I just started self-studying Mathematical Logic by Ebbinghaus. I already knew something about formal languages, but nothing about model theory. There is something I don't understand:
Exercise 3.3, page 33, states:
Let $P$ be a unary relation symbol and $f$ be a binary function symbol. For each of the formulas: $$\forall v_1 fv_0v_1 \equiv v_0, \hspace{.5cm} \exists v_0 \forall v_1 fv_0v_1 \equiv v_1,\hspace{.5cm} \exists v_0 (Pv_0 \wedge \forall v_1 Pfv_0v_1)$$ find an interpretation which satisfies the formula and one which does not satisfy it.
I've done them all but I'm not sure of the real significance of what I just did. Let me clarify with an example. Let's take the first one. It doesn't use the symbol $P$, so I might as well take $S=\{f\}$ to be the set of symbols.

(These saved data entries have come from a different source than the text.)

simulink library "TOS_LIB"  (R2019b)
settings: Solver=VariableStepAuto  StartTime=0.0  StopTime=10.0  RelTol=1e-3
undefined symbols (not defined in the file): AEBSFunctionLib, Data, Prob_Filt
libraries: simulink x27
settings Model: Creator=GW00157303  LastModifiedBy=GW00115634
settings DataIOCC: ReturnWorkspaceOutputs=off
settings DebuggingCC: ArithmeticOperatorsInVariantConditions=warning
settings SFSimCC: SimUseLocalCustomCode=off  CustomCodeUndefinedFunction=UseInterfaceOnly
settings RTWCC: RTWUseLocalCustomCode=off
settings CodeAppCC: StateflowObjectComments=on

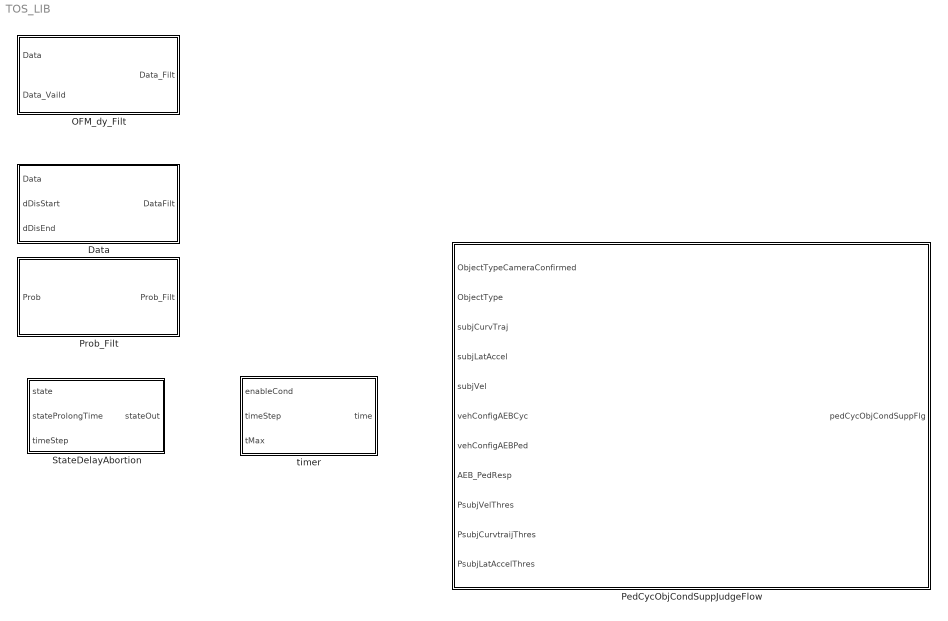
== system TOS_LIB ==
  Data : Subsystem  AncestorBlock=AEBSFunctionLib/Data
  OFM_dy_Filt : Subsystem  AncestorBlock=TOS_LIB/Prob_Filt
  PedCycObjCondSuppJudgeFlow : Subsystem  TreatAsAtomicUnit=on
  Prob_Filt : Subsystem  AncestorBlock=AEBSFunctionLib/Prob_Filt
  StateDelayAbortion : Subsystem  TreatAsAtomicUnit=on
  timer : Subsystem  TreatAsAtomicUnit=on

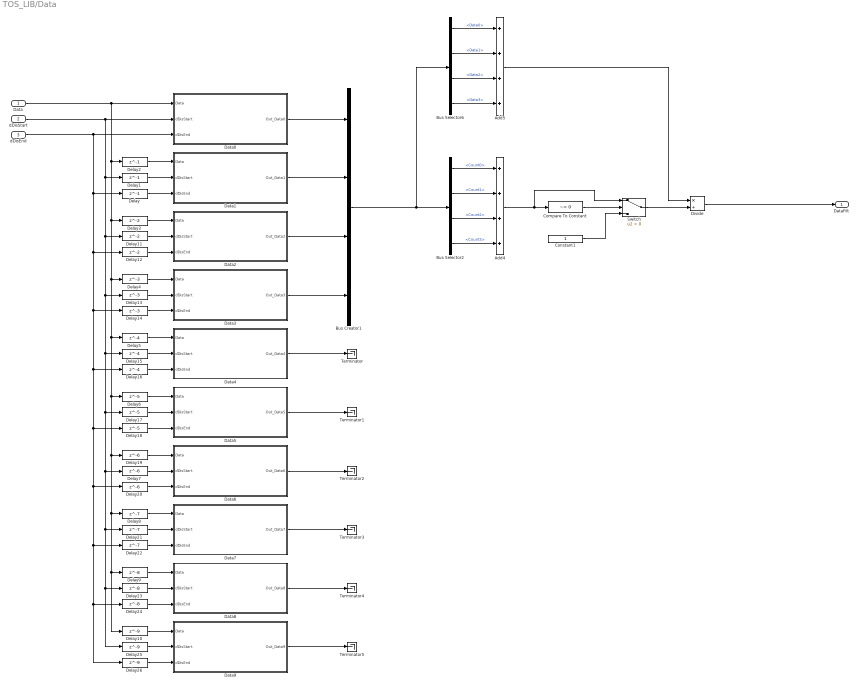
== system TOS_LIB/Data ==
  Data : Inport
  dDisStart : Inport  Port=2
  dDisEnd : Inport  Port=3
  Add4 : Sum  Inputs=++++
  Add5 : Sum  Inputs=++++
  Bus Creator1 : BusCreator  Inputs=4
  Bus Selector2 : BusSelector  OutputSignals=Out_Data0.Count0,Out_Data1.Count1,Out_Data2.Count2,Out_Data3.Count3
  Bus Selector6 : BusSelector  OutputSignals=Out_Data0.Data0,Out_Data1.Data1,Out_Data2.Data2,Out_Data3.Data3
  Compare To Constant : simulink/Logic and Bit Operations/Compare To Constant  relop=~=  const=0  OutDataTypeStr=boolean
  Constant1 : Constant  OutDataTypeStr=single
  Data0 : Subsystem
  Data1 : Subsystem
  Data2 : Subsystem
  Data3 : Subsystem
  Data4 : Subsystem
  Data5 : Subsystem
  Data6 : Subsystem
  Data7 : Subsystem
  Data8 : Subsystem
  Data9 : Subsystem
  Delay : Delay  DelayLength=1  InitialCondition=0
  Delay1 : Delay  DelayLength=1  InitialCondition=0
  Delay10 : Delay  DelayLength=9  InitialCondition=0
  Delay11 : Delay  InitialCondition=0
  Delay12 : Delay  InitialCondition=0
  Delay13 : Delay  DelayLength=3  InitialCondition=0
  Delay14 : Delay  DelayLength=3  InitialCondition=0
  Delay15 : Delay  DelayLength=4  InitialCondition=0
  Delay16 : Delay  DelayLength=4  InitialCondition=0
  Delay17 : Delay  DelayLength=5  InitialCondition=0
  Delay18 : Delay  DelayLength=5  InitialCondition=0
  Delay19 : Delay  DelayLength=6  InitialCondition=0
  Delay2 : Delay  DelayLength=1  InitialCondition=0
  Delay20 : Delay  DelayLength=6  InitialCondition=0
  Delay21 : Delay  DelayLength=7  InitialCondition=0
  Delay22 : Delay  DelayLength=7  InitialCondition=0
  Delay23 : Delay  DelayLength=8  InitialCondition=0
  Delay24 : Delay  DelayLength=8  InitialCondition=0
  Delay25 : Delay  DelayLength=9  InitialCondition=0
  Delay26 : Delay  DelayLength=9  InitialCondition=0
  Delay3 : Delay  InitialCondition=0
  Delay4 : Delay  DelayLength=3  InitialCondition=0
  Delay5 : Delay  DelayLength=4  InitialCondition=0
  Delay6 : Delay  DelayLength=5  InitialCondition=0
  Delay7 : Delay  DelayLength=6  InitialCondition=0
  Delay8 : Delay  DelayLength=7  InitialCondition=0
  Delay9 : Delay  DelayLength=8  InitialCondition=0
  Divide : Product  Inputs=*/
  Switch : Switch  Criteria=u2 > Threshold
  Terminator{,1..5} (6 alike) : Terminator
  DataFilt : Outport
  wires:
  Delay21/1 -> Data7/2(dDisStart)
  Delay18/1 -> Data5/3(dDisEnd)
  Delay9/1 -> Data8/1(Data)
  Delay22/1 -> Data7/3(dDisEnd)
  Delay23/1 -> Data8/2(dDisStart)
  Delay26/1 -> Data9/3(dDisEnd)
  Delay4/1 -> Data3/1(Data)
  Add5/1 -> Divide/1
  Delay12/1 -> Data2/3(dDisEnd)
  Delay8/1 -> Data7/1(Data)
  Data9/1(Out_Data9) -> Terminator5/1
  Data1/1(Out_Data1) -> Bus Creator1/2
  Delay7/1 -> Data6/2(dDisStart)
  dDisEnd/1 -> Data0/3(dDisEnd), Delay16/1, Delay20/1, Delay22/1, Delay26/1, Delay24/1, Delay18/1, Delay14/1, Delay12/1, Delay/1
  Delay19/1 -> Data6/1(Data)
  Delay13/1 -> Data3/2(dDisStart)
  Switch/1 -> Divide/2
  Delay14/1 -> Data3/3(dDisEnd)
  Data7/1(Out_Data7) -> Terminator3/1
  Add4/1 -> Compare To Constant/1, Switch/1
  Delay25/1 -> Data9/2(dDisStart)
  Divide/1 -> DataFilt/1
  Delay10/1 -> Data9/1(Data)
  Delay6/1 -> Data5/1(Data)
  Data4/1(Out_Data4) -> Terminator/1
  Compare To Constant/1 -> Switch/2
  Delay17/1 -> Data5/2(dDisStart)
  Delay2/1 -> Data1/1(Data)
  Delay5/1 -> Data4/1(Data)
  Delay3/1 -> Data2/1(Data)
  Delay/1 -> Data1/3(dDisEnd)
  Data3/1(Out_Data3) -> Bus Creator1/4
  Delay20/1 -> Data6/3(dDisEnd)
  Data8/1(Out_Data8) -> Terminator4/1
  Delay24/1 -> Data8/3(dDisEnd)
  dDisStart/1 -> Data0/2(dDisStart), Delay1/1, Delay25/1, Delay23/1, Delay21/1, Delay7/1, Delay17/1, Delay15/1, Delay13/1, Delay11/1
  Bus Creator1/1 -> Bus Selector2/1, Bus Selector6/1
  Data6/1(Out_Data6) -> Terminator2/1
  Delay1/1 -> Data1/2(dDisStart)
  Data5/1(Out_Data5) -> Terminator1/1
  Delay16/1 -> Data4/3(dDisEnd)
  Data2/1(Out_Data2) -> Bus Creator1/3
  Constant1/1 -> Switch/3
  Delay15/1 -> Data4/2(dDisStart)
  Data0/1(Out_Data0) -> Bus Creator1/1
  Delay11/1 -> Data2/2(dDisStart)
  Data/1 -> Delay2/1, Delay3/1, Delay6/1, Delay19/1, Delay8/1, Delay9/1, Delay10/1, Delay5/1, Delay4/1, Data0/1(Data)
  Bus Selector6/1 -> Add5/1  "<Data0>"
  Bus Selector6/2 -> Add5/2  "<Data1>"
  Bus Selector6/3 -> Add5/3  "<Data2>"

As an $S$-structure I'll take $(\mathbb{N}, \cdot)$, and as an assignment for the variables I'll take $\beta(v_i)=0$ for all $i=0,1,2,\dots$. Denote $\mathcal{I}$ the corresponding interpretation. So:
$\mathcal{I} \models \forall v_1 fv_0v_1 \equiv v_0$ iff for every $n\in \mathbb{N}$ $\mathcal{I} \frac{n}{v_1} \models fv_0v_1 \equiv v_0$, iff for every $n\in \mathbb{N}$ $0\cdot n=0$.
Now I'd like to say that since the last sentence is true, then $\mathcal{I} \models \forall v_1 fv_0v_1 \equiv v_0$, i.e. $\mathcal{I}$ is a model for $\hskip0in$$\forall v_1 fv_0v_1 \equiv v_0$.
But why is it true that for every $n\in \mathbb{N}$ $0\cdot n=0$? I mean, of course I know this should hold, but I am lost in the sea of formalism. Is there some set theory underlying here?